По какой-то необъяснимой причине я знал, что ответ на вопрос, почему наша жизнь резко поменялась, содержался в шали, в ее невидимых петельках, которые подверглись такому странному разрушению. Как будто приключившаяся с тканью метаморфоза, превратившая мягкую роскошную вещь в истрепанную тряпку, имела прямое отношение к Саммер, той Саммер, которой она стала.

«Во что ты превратилась…»


Шали я не нашел.


За год, что последовал за исчезновением Саммер, я тоже стал другим. Даже если и не отдавал себя в этом отчета. Дни проходили в апатии, моментами я становился неуправляемым или, как отметил полицейский-психолог, «оказывался во власти неконтролируемой агрессии».
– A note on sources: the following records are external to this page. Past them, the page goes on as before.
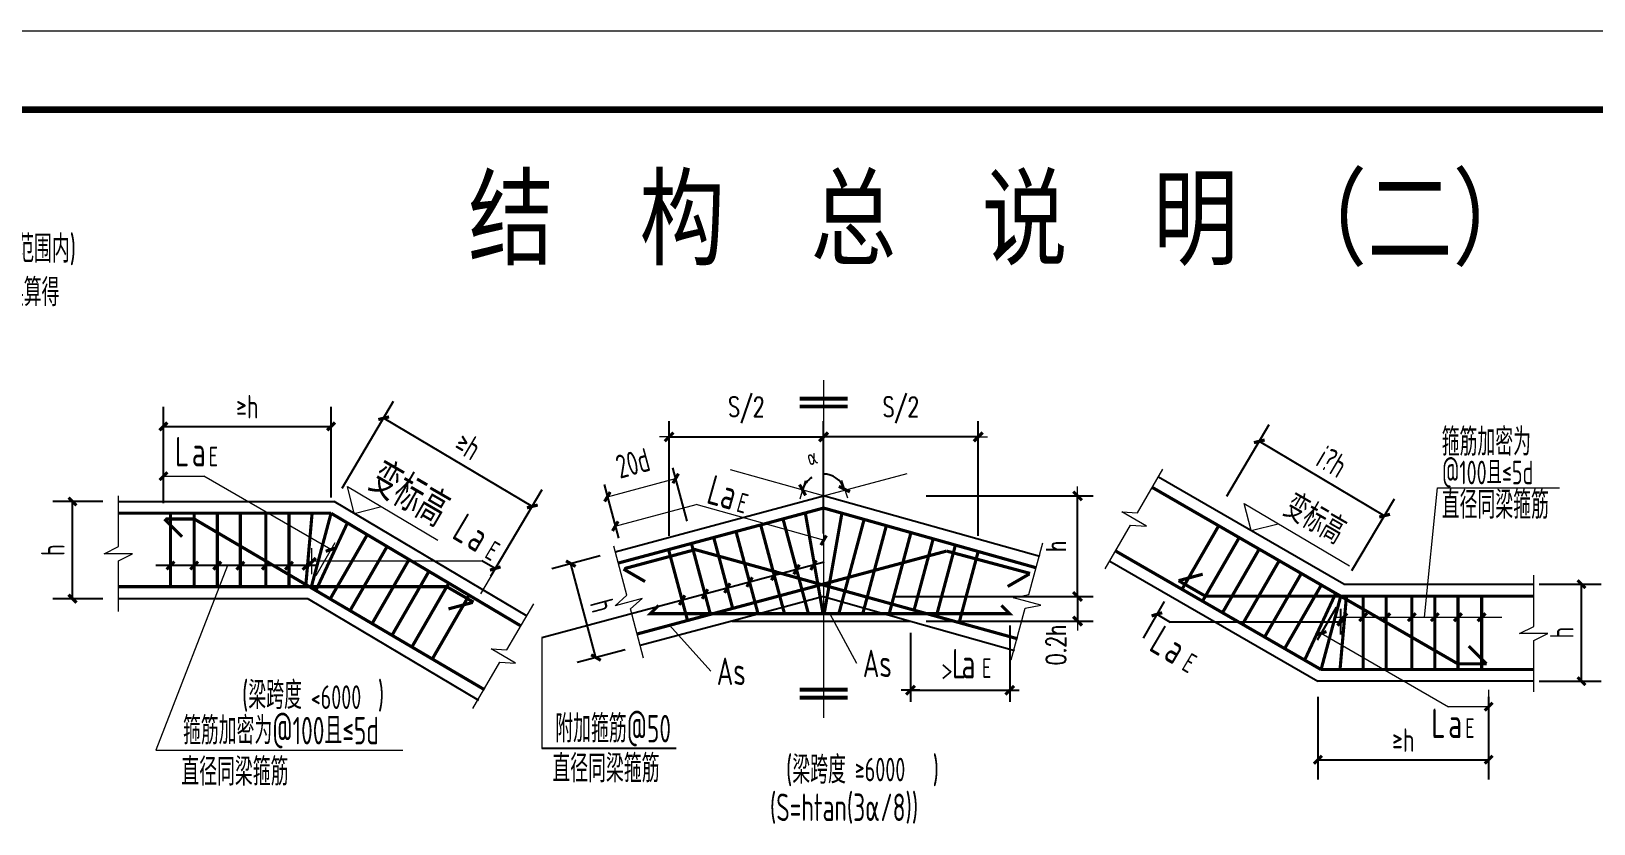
# Model space of a CAD drawing. Extents: x 3968514 to 5230306, y -516551 to -228246.
# Drawn here: x 4184520 to 4204417, y -327643 to -317553 of the extents above; entities that cross this region are included whole.
import ezdxf
from ezdxf.enums import TextEntityAlignment as Align

# ---------------------------------------------------------------- set-up
doc = ezdxf.new("R2010")
doc.units = 0
doc.header["$LTSCALE"] = 1000
doc.header["$MEASUREMENT"] = 0
doc.linetypes.add('HIDDEN2', pattern=[4, 3, -1])
doc.layers.add('FRAME', color=3, linetype='Continuous', lineweight=18)
doc.layers.add('PUB_DIM', color=3, linetype='Continuous', lineweight=15)
for name, color, linetype in [('PDIM', 7, 'Continuous'), ('PUB_TEXT', 7, 'Continuous'), ('PUB_TITLE', 4, 'Continuous'), ('REIN', 2, 'Continuous'), ('梁截面', 4, 'Continuous')]:
    doc.layers.add(name, color=color, linetype=linetype)
doc.styles.add('DIM_FONT', font='SIMPLEX', dxfattribs={"width": 0.7, "bigfont": 'GBCBIG'})
doc.styles.add('TSSD_CHINA', font='tssdeng.shx', dxfattribs={"width": 0.7, "bigfont": 'tssdchn.shx'})
doc.styles.add('TSSD_DIMENSION', font='tssdeng.shx', dxfattribs={"width": 0.7, "bigfont": 'tssdchn.shx'})
doc.styles.add('TSSD_Norm', font='tssdeng.shx', dxfattribs={"width": 0.7, "bigfont": 'hztxt.shx'})
doc.styles.add('TSSD_REIN', font='Tssdeng.shx', dxfattribs={"width": 0.7, "bigfont": 'hztxt.shx'})
doc.styles.add('黑体', font='simhei.ttf', dxfattribs={"width": 0.8, "height": 0.2})
doc.dimstyles.new('DIM-200', dxfattribs={"dimtxt": 200, "dimasz": 0.8, "dimexe": 150, "dimexo": 150, "dimgap": 150, "dimtad": 1, "dimdec": 0, "dimzin": 0, "dimdsep": 46, "dimtxsty": 'DIM_FONT', "dimblk1": '_DIMX', "dimblk2": '_DIMX', "dimsah": 1, "dimcen": 0.09, "dimclrd": 256, "dimclre": 256, "dimclrt": 7, "dimadec": 0, "dimazin": 0, "dimtfac": 1, "dimtdec": 0, "dimtix": 1, "dimtmove": 2, "dimatfit": 3, "dimldrblk": '_DIMX', "dimfxl": 1, "dimtvp": 0.7, "dimtolj": 1, "dimtzin": 0, "dimarcsym": 0})
doc.dimstyles.new('DIM-250', dxfattribs={"dimtxt": 250, "dimasz": 0.8, "dimexe": 200, "dimexo": 200, "dimgap": 150, "dimtad": 1, "dimdec": 0, "dimdsep": 46, "dimtxsty": 'DIM_FONT', "dimblk1": '_DIMX', "dimblk2": '_DIMX', "dimsah": 1, "dimcen": 0.09, "dimdle": 2, "dimclrt": 7, "dimadec": 0, "dimazin": 0, "dimtfac": 1, "dimtdec": 0, "dimtix": 1, "dimtmove": 2, "dimatfit": 3, "dimldrblk": '_DIMX', "dimfxl": 1, "dimtolj": 1, "dimtzin": 0, "dimarcsym": 0})
doc.dimstyles.new('TSSD_100_100', dxfattribs={"dimtxt": 300, "dimasz": 100, "dimexe": 250, "dimexo": 200, "dimgap": 100, "dimtad": 1, "dimdec": 0, "dimzin": 0, "dimdsep": 46, "dimtxsty": 'TSSD_DIMENSION', "dimblk": 'ARCHTICK', "dimcen": 0, "dimclrt": 7, "dimadec": 0, "dimazin": 0, "dimtm": 1e-09, "dimtfac": 1, "dimtdec": 0, "dimtix": 1, "dimtmove": 2, "dimatfit": 3, "dimldrblk": 'ARCHTICK', "dimfxl": 1, "dimtvp": 0.7, "dimtolj": 1, "dimtzin": 0, "dimarcsym": 0})

# ---------------------------------------------------------------- blocks, each defined once
blk = doc.blocks.new('2')
at = {"layer": 'FRAME', "lineweight": 18}
blk.add_line((232618, -30373), (173218, -30373), dxfattribs=at)
at = {"layer": 'FRAME', "lineweight": 100}
blk.add_line((231618, -31373), (175718, -31373), dxfattribs=at)
blk = doc.blocks.new('_ArchTick')
at = {"color": 0, "linetype": 'ByBlock', "const_width": 0.4}
blk.add_lwpolyline([(-0.5, -0.5), (0.5, 0.5)], dxfattribs=at)
blk = doc.blocks.new('*D304')
at = {"layer": 'Defpoints', "color": 0, "ltscale": 0.7, "transparency": 16777216}
for p in [(4188338, -322584), (4188338, -323690), (4186204, -323763)]:
    blk.add_point(p, dxfattribs=at)
at = {"layer": 'PUB_DIM', "color": 0, "lineweight": -2, "ltscale": 0.7, "transparency": 16777216}
for p, q in [((4186204, -323563), (4186204, -322334)), ((4188338, -323490), (4188338, -322334)), ((4186204, -322584), (4188338, -322584))]:
    blk.add_line(p, q, dxfattribs=at)
at = {"layer": 'PUB_DIM', "color": 0, "lineweight": -2, "ltscale": 0.7, "transparency": 16777216, "xscale": 100, "yscale": 100, "zscale": 100, "rotation": 180}
blk.add_blockref('_ArchTick', (4186204, -322584), dxfattribs=at)
at = {"layer": 'PUB_DIM', "color": 0, "lineweight": -2, "ltscale": 0.7, "transparency": 16777216, "xscale": 100, "yscale": 100, "zscale": 100}
blk.add_blockref('_ArchTick', (4188338, -322584), dxfattribs=at)
at = {"layer": 'PUB_DIM', "color": 7, "ltscale": 0.7, "transparency": 16777216, "insert": (4187271, -322334), "char_height": 300, "attachment_point": 5, "style": 'TSSD_DIMENSION'}
blk.add_mtext('\\A1;≥h', dxfattribs=at)
blk = doc.blocks.new('*D303')
at = {"layer": 'Defpoints', "color": 0, "ltscale": 0.7, "transparency": 16777216}
for p in [(4185045, -323541), (4185630, -323541), (4185630, -324778)]:
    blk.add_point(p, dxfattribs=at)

Той осенью ко мне подошел Маттиас Россе, новенький. Ему было уже шестнадцать, и он приезжал в школу на легком мотоцикле, чего никто из Флоримона не делал. Я предположил, что он хочет со мной познакомиться, потому что он такой же высокий и тощий, как я, и его так же презирают или боятся, потому что у него брильянт в ухе, швейцарский акцент и джинсы в облипку. «Дурак дурака видит издалека», — подумав так, я пожал руку, которую он мне протягивал.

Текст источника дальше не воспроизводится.